# rail station



## Duke (Nov 12, 2008)

I have just got a place in Almoradi on the southern Costa Blanca, can anyone tell me where the nearest railway station is ? thanks


----------



## Suenneil (Feb 17, 2009)

Duke said:


> I have just got a place in Almoradi on the southern Costa Blanca, can anyone tell me where the nearest railway station is ? thanks


Hi Duke ... welcome!

I dont know that area myself, but a quick google search told me that the nearest station is 5km away - San Isidro.

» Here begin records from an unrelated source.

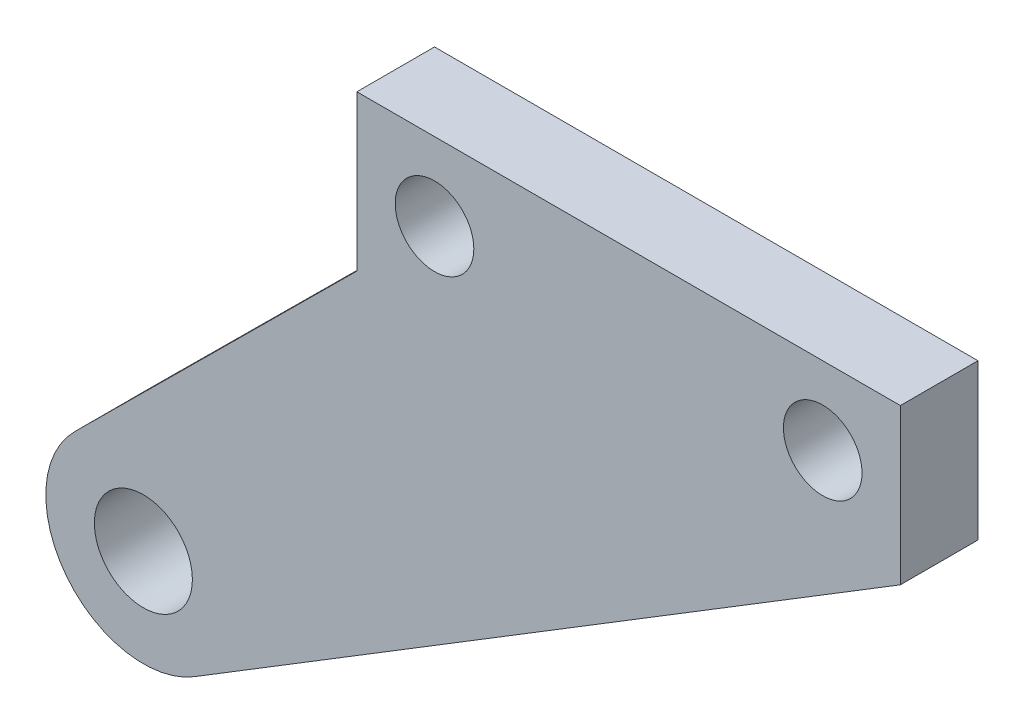
ISO-10303-21;
HEADER;
FILE_DESCRIPTION(('STEP AP214'),'2;1');
FILE_NAME('part.step','',(''),(''),'','','');
FILE_SCHEMA(('AUTOMOTIVE_DESIGN { 1 0 10303 214 1 1 1 1 }'));
ENDSEC;
DATA;
#1=APPLICATION_CONTEXT('core data for automotive mechanical design processes');
#2=APPLICATION_PROTOCOL_DEFINITION('international standard','automotive_design',2000,#1);
#3=PRODUCT_CONTEXT('',#1,'mechanical');
#4=PRODUCT('Part','Part','',(#3));
#5=PRODUCT_RELATED_PRODUCT_CATEGORY('part','',(#4));
#6=PRODUCT_DEFINITION_FORMATION('','',#4);
#7=PRODUCT_DEFINITION_CONTEXT('part definition',#1,'design');
#8=PRODUCT_DEFINITION('design','',#6,#7);
#9=PRODUCT_DEFINITION_SHAPE('','',#8);
#10=(LENGTH_UNIT() NAMED_UNIT(*) SI_UNIT(.MILLI.,.METRE.));
#11=(NAMED_UNIT(*) PLANE_ANGLE_UNIT() SI_UNIT($,.RADIAN.));
#12=(NAMED_UNIT(*) SI_UNIT($,.STERADIAN.) SOLID_ANGLE_UNIT());
#13=UNCERTAINTY_MEASURE_WITH_UNIT(LENGTH_MEASURE(1.E-05),#10,'distance_accuracy_value','');
#14=(GEOMETRIC_REPRESENTATION_CONTEXT(3) GLOBAL_UNCERTAINTY_ASSIGNED_CONTEXT((#13)) GLOBAL_UNIT_ASSIGNED_CONTEXT((#10,
#11,#12)) REPRESENTATION_CONTEXT('',''));
#15=CARTESIAN_POINT('',(0.,0.,0.));
#16=DIRECTION('',(0.,0.,1.));
#17=DIRECTION('',(1.,0.,0.));
#18=AXIS2_PLACEMENT_3D('',#15,#16,#17);
#19=CARTESIAN_POINT('',(-25.,-22.,2.));
#20=DIRECTION('',(0.,0.,1.));
#21=DIRECTION('',(1.,0.,0.));
#22=AXIS2_PLACEMENT_3D('',#19,#20,#21);
#23=PLANE('',#22);
#24=CARTESIAN_POINT('',(-10.,0.,2.));
#25=DIRECTION('',(0.,0.,1.));
#26=DIRECTION('',(1.,0.,0.));
#27=AXIS2_PLACEMENT_3D('',#24,#25,#26);
#28=CIRCLE('',#27,2.025);
#29=CARTESIAN_POINT('',(-7.975,0.,2.));
#30=VERTEX_POINT('',#29);
#31=EDGE_CURVE('E186',#30,#30,#28,.T.);
#32=ORIENTED_EDGE('',*,*,#31,.F.);
#33=EDGE_LOOP('',(#32));
#34=FACE_BOUND('',#33,.T.);
#35=DIRECTION('',(0.,-1.,0.));
#36=VECTOR('',#35,1.);
#37=CARTESIAN_POINT('',(-14.,4.,2.));
#38=LINE('',#37,#36);
#39=CARTESIAN_POINT('',(-14.,4.,2.));
#40=VERTEX_POINT('',#39);
#41=CARTESIAN_POINT('',(-14.,-4.,2.));
#42=VERTEX_POINT('',#41);
#43=EDGE_CURVE('E131',#40,#42,#38,.T.);
#44=ORIENTED_EDGE('',*,*,#43,.T.);
#45=DIRECTION('',(-0.709698080789205,-0.704505950382336,0.));
#46=VECTOR('',#45,1.);
#47=CARTESIAN_POINT('',(-14.,-4.,2.));
#48=LINE('',#47,#46);
#49=CARTESIAN_POINT('',(-28.5401424006712,-18.4337671440342,2.));
#50=VERTEX_POINT('',#49);
#51=EDGE_CURVE('E89',#42,#50,#48,.T.);
#52=ORIENTED_EDGE('',*,*,#51,.T.);
#53=CARTESIAN_POINT('',(-25.,-22.,2.));
#54=DIRECTION('',(0.,0.,1.));
#55=DIRECTION('',(1.,0.,0.));
#56=AXIS2_PLACEMENT_3D('',#53,#54,#55);
#57=CIRCLE('',#56,5.025);
#58=CARTESIAN_POINT('',(-22.3749389928446,-26.2848196821701,2.));
#59=VERTEX_POINT('',#58);
#60=EDGE_CURVE('E102',#50,#59,#57,.T.);
#61=ORIENTED_EDGE('',*,*,#60,.T.);
#62=DIRECTION('',(0.852700434262704,0.52240020042894,0.));
#63=VECTOR('',#62,1.);
#64=CARTESIAN_POINT('',(14.,-4.,2.));
#65=LINE('',#64,#63);
#66=CARTESIAN_POINT('',(14.,-4.,2.));
#67=VERTEX_POINT('',#66);
#68=EDGE_CURVE('E96',#59,#67,#65,.T.);
#69=ORIENTED_EDGE('',*,*,#68,.T.);
#70=DIRECTION('',(0.,1.,0.));
#71=VECTOR('',#70,1.);
#72=CARTESIAN_POINT('',(14.,4.,2.));
#73=LINE('',#72,#71);
#74=CARTESIAN_POINT('',(14.,4.,2.));
#75=VERTEX_POINT('',#74);
#76=EDGE_CURVE('E100',#67,#75,#73,.T.);
#77=ORIENTED_EDGE('',*,*,#76,.T.);
#78=DIRECTION('',(-1.,0.,0.));
#79=VECTOR('',#78,1.);
#80=CARTESIAN_POINT('',(-14.,4.,2.));
#81=LINE('',#80,#79);
#82=EDGE_CURVE('E52',#75,#40,#81,.T.);
#83=ORIENTED_EDGE('',*,*,#82,.T.);
#84=EDGE_LOOP('',(#44,#52,#61,#69,#77,#83));
#85=FACE_BOUND('',#84,.T.);
#86=CARTESIAN_POINT('',(10.,0.,2.));
#87=DIRECTION('',(0.,0.,1.));
#88=DIRECTION('',(1.,0.,0.));
#89=AXIS2_PLACEMENT_3D('',#86,#87,#88);
#90=CIRCLE('',#89,2.025);
#91=CARTESIAN_POINT('',(12.025,0.,2.));
#92=VERTEX_POINT('',#91);
#93=EDGE_CURVE('E124',#92,#92,#90,.T.);
#94=ORIENTED_EDGE('',*,*,#93,.F.);
#95=EDGE_LOOP('',(#94));
#96=FACE_BOUND('',#95,.T.);
#97=CARTESIAN_POINT('',(-25.,-22.,2.));
#98=DIRECTION('',(0.,0.,1.));
#99=DIRECTION('',(1.,0.,0.));
#100=AXIS2_PLACEMENT_3D('',#97,#98,#99);
#101=CIRCLE('',#100,2.525);
#102=CARTESIAN_POINT('',(-22.475,-22.,2.));
#103=VERTEX_POINT('',#102);
#104=EDGE_CURVE('E177',#103,#103,#101,.T.);
#105=ORIENTED_EDGE('',*,*,#104,.F.);
#106=EDGE_LOOP('',(#105));
#107=FACE_BOUND('',#106,.T.);
#108=ADVANCED_FACE('F35',(#34,#85,#96,#107),#23,.T.);
#109=CARTESIAN_POINT('',(-25.,-22.,-2.));
#110=DIRECTION('',(0.,0.,1.));
#111=DIRECTION('',(1.,0.,0.));
#112=AXIS2_PLACEMENT_3D('',#109,#110,#111);
#113=PLANE('',#112);
#114=DIRECTION('',(0.,-1.,0.));
#115=VECTOR('',#114,1.);
#116=CARTESIAN_POINT('',(-14.,4.,-2.));
#117=LINE('',#116,#115);
#118=CARTESIAN_POINT('',(-14.,4.,-2.));
#119=VERTEX_POINT('',#118);
#120=CARTESIAN_POINT('',(-14.,-4.,-2.));
#121=VERTEX_POINT('',#120);
#122=EDGE_CURVE('E120',#119,#121,#117,.T.);
#123=ORIENTED_EDGE('',*,*,#122,.F.);
#124=DIRECTION('',(-1.,0.,0.));
#125=VECTOR('',#124,1.);
#126=CARTESIAN_POINT('',(-14.,4.,-2.));
#127=LINE('',#126,#125);
#128=CARTESIAN_POINT('',(14.,4.,-2.));
#129=VERTEX_POINT('',#128);
#130=EDGE_CURVE('E81',#129,#119,#127,.T.);
#131=ORIENTED_EDGE('',*,*,#130,.F.);
#132=DIRECTION('',(0.,1.,0.));
#133=VECTOR('',#132,1.);
#134=CARTESIAN_POINT('',(14.,4.,-2.));
#135=LINE('',#134,#133);
#136=CARTESIAN_POINT('',(14.,-4.,-2.));
#137=VERTEX_POINT('',#136);
#138=EDGE_CURVE('E75',#137,#129,#135,.T.);
#139=ORIENTED_EDGE('',*,*,#138,.F.);
#140=DIRECTION('',(0.852700434262704,0.52240020042894,0.));
#141=VECTOR('',#140,1.);
#142=CARTESIAN_POINT('',(14.,-4.,-2.));
#143=LINE('',#142,#141);
#144=CARTESIAN_POINT('',(-22.3749389928446,-26.2848196821701,-2.));
#145=VERTEX_POINT('',#144);
#146=EDGE_CURVE('E110',#145,#137,#143,.T.);
#147=ORIENTED_EDGE('',*,*,#146,.F.);
#148=CARTESIAN_POINT('',(-25.,-22.,-2.));
#149=DIRECTION('',(0.,0.,1.));
#150=DIRECTION('',(1.,0.,0.));
#151=AXIS2_PLACEMENT_3D('',#148,#149,#150);
#152=CIRCLE('',#151,5.025);
#153=CARTESIAN_POINT('',(-28.5401424006712,-18.4337671440342,-2.));
#154=VERTEX_POINT('',#153);
#155=EDGE_CURVE('E126',#154,#145,#152,.T.);
#156=ORIENTED_EDGE('',*,*,#155,.F.);
#157=DIRECTION('',(-0.709698080789205,-0.704505950382336,0.));
#158=VECTOR('',#157,1.);
#159=CARTESIAN_POINT('',(-14.,-4.,-2.));
#160=LINE('',#159,#158);
#161=EDGE_CURVE('E123',#121,#154,#160,.T.);
#162=ORIENTED_EDGE('',*,*,#161,.F.);
#163=EDGE_LOOP('',(#123,#131,#139,#147,#156,#162));
#164=FACE_BOUND('',#163,.T.);
#165=CARTESIAN_POINT('',(10.,0.,-2.));
#166=DIRECTION('',(0.,0.,1.));
#167=DIRECTION('',(1.,0.,0.));
#168=AXIS2_PLACEMENT_3D('',#165,#166,#167);
#169=CIRCLE('',#168,2.025);
#170=CARTESIAN_POINT('',(12.025,0.,-2.));
#171=VERTEX_POINT('',#170);
#172=EDGE_CURVE('E189',#171,#171,#169,.T.);
#173=ORIENTED_EDGE('',*,*,#172,.T.);
#174=EDGE_LOOP('',(#173));
#175=FACE_BOUND('',#174,.T.);
#176=CARTESIAN_POINT('',(-10.,0.,-2.));
#177=DIRECTION('',(0.,0.,1.));
#178=DIRECTION('',(1.,0.,0.));
#179=AXIS2_PLACEMENT_3D('',#176,#177,#178);
#180=CIRCLE('',#179,2.025);
#181=CARTESIAN_POINT('',(-7.975,0.,-2.));
#182=VERTEX_POINT('',#181);
#183=EDGE_CURVE('E183',#182,#182,#180,.T.);
#184=ORIENTED_EDGE('',*,*,#183,.T.);
#185=EDGE_LOOP('',(#184));
#186=FACE_BOUND('',#185,.T.);
#187=CARTESIAN_POINT('',(-25.,-22.,-2.));
#188=DIRECTION('',(0.,0.,1.));
#189=DIRECTION('',(1.,0.,0.));
#190=AXIS2_PLACEMENT_3D('',#187,#188,#189);
#191=CIRCLE('',#190,2.525);
#192=CARTESIAN_POINT('',(-22.475,-22.,-2.));
#193=VERTEX_POINT('',#192);
#194=EDGE_CURVE('E180',#193,#193,#191,.T.);
#195=ORIENTED_EDGE('',*,*,#194,.T.);
#196=EDGE_LOOP('',(#195));
#197=FACE_BOUND('',#196,.T.);
#198=ADVANCED_FACE('F140',(#164,#175,#186,#197),#113,.F.);
#199=CARTESIAN_POINT('',(-14.,4.,2.));
#200=DIRECTION('',(1.,0.,0.));
#201=DIRECTION('',(0.,1.,0.));
#202=AXIS2_PLACEMENT_3D('',#199,#200,#201);
#203=PLANE('',#202);
#204=ORIENTED_EDGE('',*,*,#122,.T.);
#205=DIRECTION('',(0.,0.,-1.));
#206=VECTOR('',#205,1.);
#207=CARTESIAN_POINT('',(-14.,-4.,2.));
#208=LINE('',#207,#206);
#209=EDGE_CURVE('E11',#42,#121,#208,.T.);
#210=ORIENTED_EDGE('',*,*,#209,.F.);
#211=ORIENTED_EDGE('',*,*,#43,.F.);
#212=DIRECTION('',(0.,0.,-1.));
#213=VECTOR('',#212,1.);
#214=CARTESIAN_POINT('',(-14.,4.,2.));
#215=LINE('',#214,#213);
#216=EDGE_CURVE('E116',#40,#119,#215,.T.);
#217=ORIENTED_EDGE('',*,*,#216,.T.);
#218=EDGE_LOOP('',(#204,#210,#211,#217));
#219=FACE_BOUND('',#218,.T.);
#220=ADVANCED_FACE('F37',(#219),#203,.F.);
#221=CARTESIAN_POINT('',(-14.,-4.,2.));
#222=DIRECTION('',(0.704505950382336,-0.709698080789206,0.));
#223=DIRECTION('',(0.709698080789206,0.704505950382336,0.));
#224=AXIS2_PLACEMENT_3D('',#221,#222,#223);
#225=PLANE('',#224);
#226=ORIENTED_EDGE('',*,*,#161,.T.);
#227=DIRECTION('',(0.,0.,-1.));
#228=VECTOR('',#227,1.);
#229=CARTESIAN_POINT('',(-28.5401424006712,-18.4337671440342,2.));
#230=LINE('',#229,#228);
#231=EDGE_CURVE('E44',#50,#154,#230,.T.);
#232=ORIENTED_EDGE('',*,*,#231,.F.);
#233=ORIENTED_EDGE('',*,*,#51,.F.);
#234=ORIENTED_EDGE('',*,*,#209,.T.);
#235=EDGE_LOOP('',(#226,#232,#233,#234));
#236=FACE_BOUND('',#235,.T.);
#237=ADVANCED_FACE('F239',(#236),#225,.F.);
#238=CARTESIAN_POINT('',(-25.,-22.,2.));
#239=DIRECTION('',(0.,0.,-1.));
#240=DIRECTION('',(-1.,0.,0.));
#241=AXIS2_PLACEMENT_3D('',#238,#239,#240);
#242=CYLINDRICAL_SURFACE('',#241,5.025);
#243=ORIENTED_EDGE('',*,*,#155,.T.);
#244=DIRECTION('',(0.,0.,-1.));
#245=VECTOR('',#244,1.);
#246=CARTESIAN_POINT('',(-22.3749389928446,-26.2848196821701,2.));
#247=LINE('',#246,#245);
#248=EDGE_CURVE('E111',#59,#145,#247,.T.);
#249=ORIENTED_EDGE('',*,*,#248,.F.);
#250=ORIENTED_EDGE('',*,*,#60,.F.);
#251=ORIENTED_EDGE('',*,*,#231,.T.);
#252=EDGE_LOOP('',(#243,#249,#250,#251));
#253=FACE_BOUND('',#252,.T.);
#254=ADVANCED_FACE('F137',(#253),#242,.T.);
#255=CARTESIAN_POINT('',(14.,-4.,2.));
#256=DIRECTION('',(-0.52240020042894,0.852700434262704,0.));
#257=DIRECTION('',(-0.852700434262704,-0.52240020042894,0.));
#258=AXIS2_PLACEMENT_3D('',#255,#256,#257);
#259=PLANE('',#258);
#260=ORIENTED_EDGE('',*,*,#146,.T.);
#261=DIRECTION('',(0.,0.,-1.));
#262=VECTOR('',#261,1.);
#263=CARTESIAN_POINT('',(14.,-4.,2.));
#264=LINE('',#263,#262);
#265=EDGE_CURVE('E107',#67,#137,#264,.T.);
#266=ORIENTED_EDGE('',*,*,#265,.F.);
#267=ORIENTED_EDGE('',*,*,#68,.F.);
#268=ORIENTED_EDGE('',*,*,#248,.T.);
#269=EDGE_LOOP('',(#260,#266,#267,#268));
#270=FACE_BOUND('',#269,.T.);
#271=ADVANCED_FACE('F108',(#270),#259,.F.);
#272=CARTESIAN_POINT('',(14.,4.,2.));
#273=DIRECTION('',(-1.,0.,0.));
#274=DIRECTION('',(0.,0.,1.));
#275=AXIS2_PLACEMENT_3D('',#272,#273,#274);
#276=PLANE('',#275);
#277=ORIENTED_EDGE('',*,*,#138,.T.);
#278=DIRECTION('',(0.,0.,-1.));
#279=VECTOR('',#278,1.);
#280=CARTESIAN_POINT('',(14.,4.,2.));
#281=LINE('',#280,#279);
#282=EDGE_CURVE('E112',#75,#129,#281,.T.);
#283=ORIENTED_EDGE('',*,*,#282,.F.);
#284=ORIENTED_EDGE('',*,*,#76,.F.);
#285=ORIENTED_EDGE('',*,*,#265,.T.);
#286=EDGE_LOOP('',(#277,#283,#284,#285));
#287=FACE_BOUND('',#286,.T.);
#288=ADVANCED_FACE('F114',(#287),#276,.F.);
#289=CARTESIAN_POINT('',(-14.,4.,2.));
#290=DIRECTION('',(0.,-1.,0.));
#291=DIRECTION('',(0.,0.,-1.));
#292=AXIS2_PLACEMENT_3D('',#289,#290,#291);
#293=PLANE('',#292);
#294=ORIENTED_EDGE('',*,*,#130,.T.);
#295=ORIENTED_EDGE('',*,*,#216,.F.);
#296=ORIENTED_EDGE('',*,*,#82,.F.);
#297=ORIENTED_EDGE('',*,*,#282,.T.);
#298=EDGE_LOOP('',(#294,#295,#296,#297));
#299=FACE_BOUND('',#298,.T.);
#300=ADVANCED_FACE('F145',(#299),#293,.F.);
#301=CARTESIAN_POINT('',(10.,0.,2.));
#302=DIRECTION('',(0.,0.,-1.));
#303=DIRECTION('',(-1.,0.,0.));
#304=AXIS2_PLACEMENT_3D('',#301,#302,#303);
#305=CYLINDRICAL_SURFACE('',#304,2.025);
#306=ORIENTED_EDGE('',*,*,#93,.T.);
#307=EDGE_LOOP('',(#306));
#308=FACE_BOUND('',#307,.T.);
#309=ORIENTED_EDGE('',*,*,#172,.F.);
#310=EDGE_LOOP('',(#309));
#311=FACE_BOUND('',#310,.T.);
#312=ADVANCED_FACE('F147',(#308,#311),#305,.F.);
#313=CARTESIAN_POINT('',(-10.,0.,2.));
#314=DIRECTION('',(0.,0.,-1.));
#315=DIRECTION('',(-1.,0.,0.));
#316=AXIS2_PLACEMENT_3D('',#313,#314,#315);
#317=CYLINDRICAL_SURFACE('',#316,2.025);
#318=ORIENTED_EDGE('',*,*,#31,.T.);
#319=EDGE_LOOP('',(#318));
#320=FACE_BOUND('',#319,.T.);
#321=ORIENTED_EDGE('',*,*,#183,.F.);
#322=EDGE_LOOP('',(#321));
#323=FACE_BOUND('',#322,.T.);
#324=ADVANCED_FACE('F153',(#320,#323),#317,.F.);
#325=CARTESIAN_POINT('',(-25.,-22.,2.));
#326=DIRECTION('',(0.,0.,-1.));
#327=DIRECTION('',(-1.,0.,0.));
#328=AXIS2_PLACEMENT_3D('',#325,#326,#327);
#329=CYLINDRICAL_SURFACE('',#328,2.525);
#330=ORIENTED_EDGE('',*,*,#104,.T.);
#331=EDGE_LOOP('',(#330));
#332=FACE_BOUND('',#331,.T.);
#333=ORIENTED_EDGE('',*,*,#194,.F.);
#334=EDGE_LOOP('',(#333));
#335=FACE_BOUND('',#334,.T.);
#336=ADVANCED_FACE('F168',(#332,#335),#329,.F.);
#337=CLOSED_SHELL('',(#108,#198,#220,#237,#254,#271,#288,#300,#312,#324,#336));
#338=MANIFOLD_SOLID_BREP('B2',#337);
#339=ADVANCED_BREP_SHAPE_REPRESENTATION('',(#18,#338),#14);
#340=SHAPE_DEFINITION_REPRESENTATION(#9,#339);
ENDSEC;
END-ISO-10303-21;

I only checked one search so you may come across more information if you have the time to take a look around the internet......also, I am sure one or two people on here will have first hand knowledge of the area and will either confirm or deny what I have just told you !!! 

Sue

oops ... also just seen that even though the Town where the station is located is San Isidro .. the station name is Albatera/Catral ....


----------



## Duke (Nov 12, 2008)

Suenneil said:


> Hi Duke ... welcome!
> 
> I dont know that area myself, but a quick google search told me that the nearest station is 5km away - San Isidro.
> 
> ...


Well thank you Sue, im not very good on computers thats why I posted the question , must say I didn't expect a reply so soon. Again many thanks.
Steve


----------



## Suenneil (Feb 17, 2009)

Duke said:


> Well thank you Sue, im not very good on computers thats why I posted the question , must say I didn't expect a reply so soon. Again many thanks.
> Steve


 No worries ... your message just happened to pop up in my inbox when I was free to respond pretty much straight away! .... its not always like that!

Im sure you will get a couple of more replies anyway ...

Sue


----------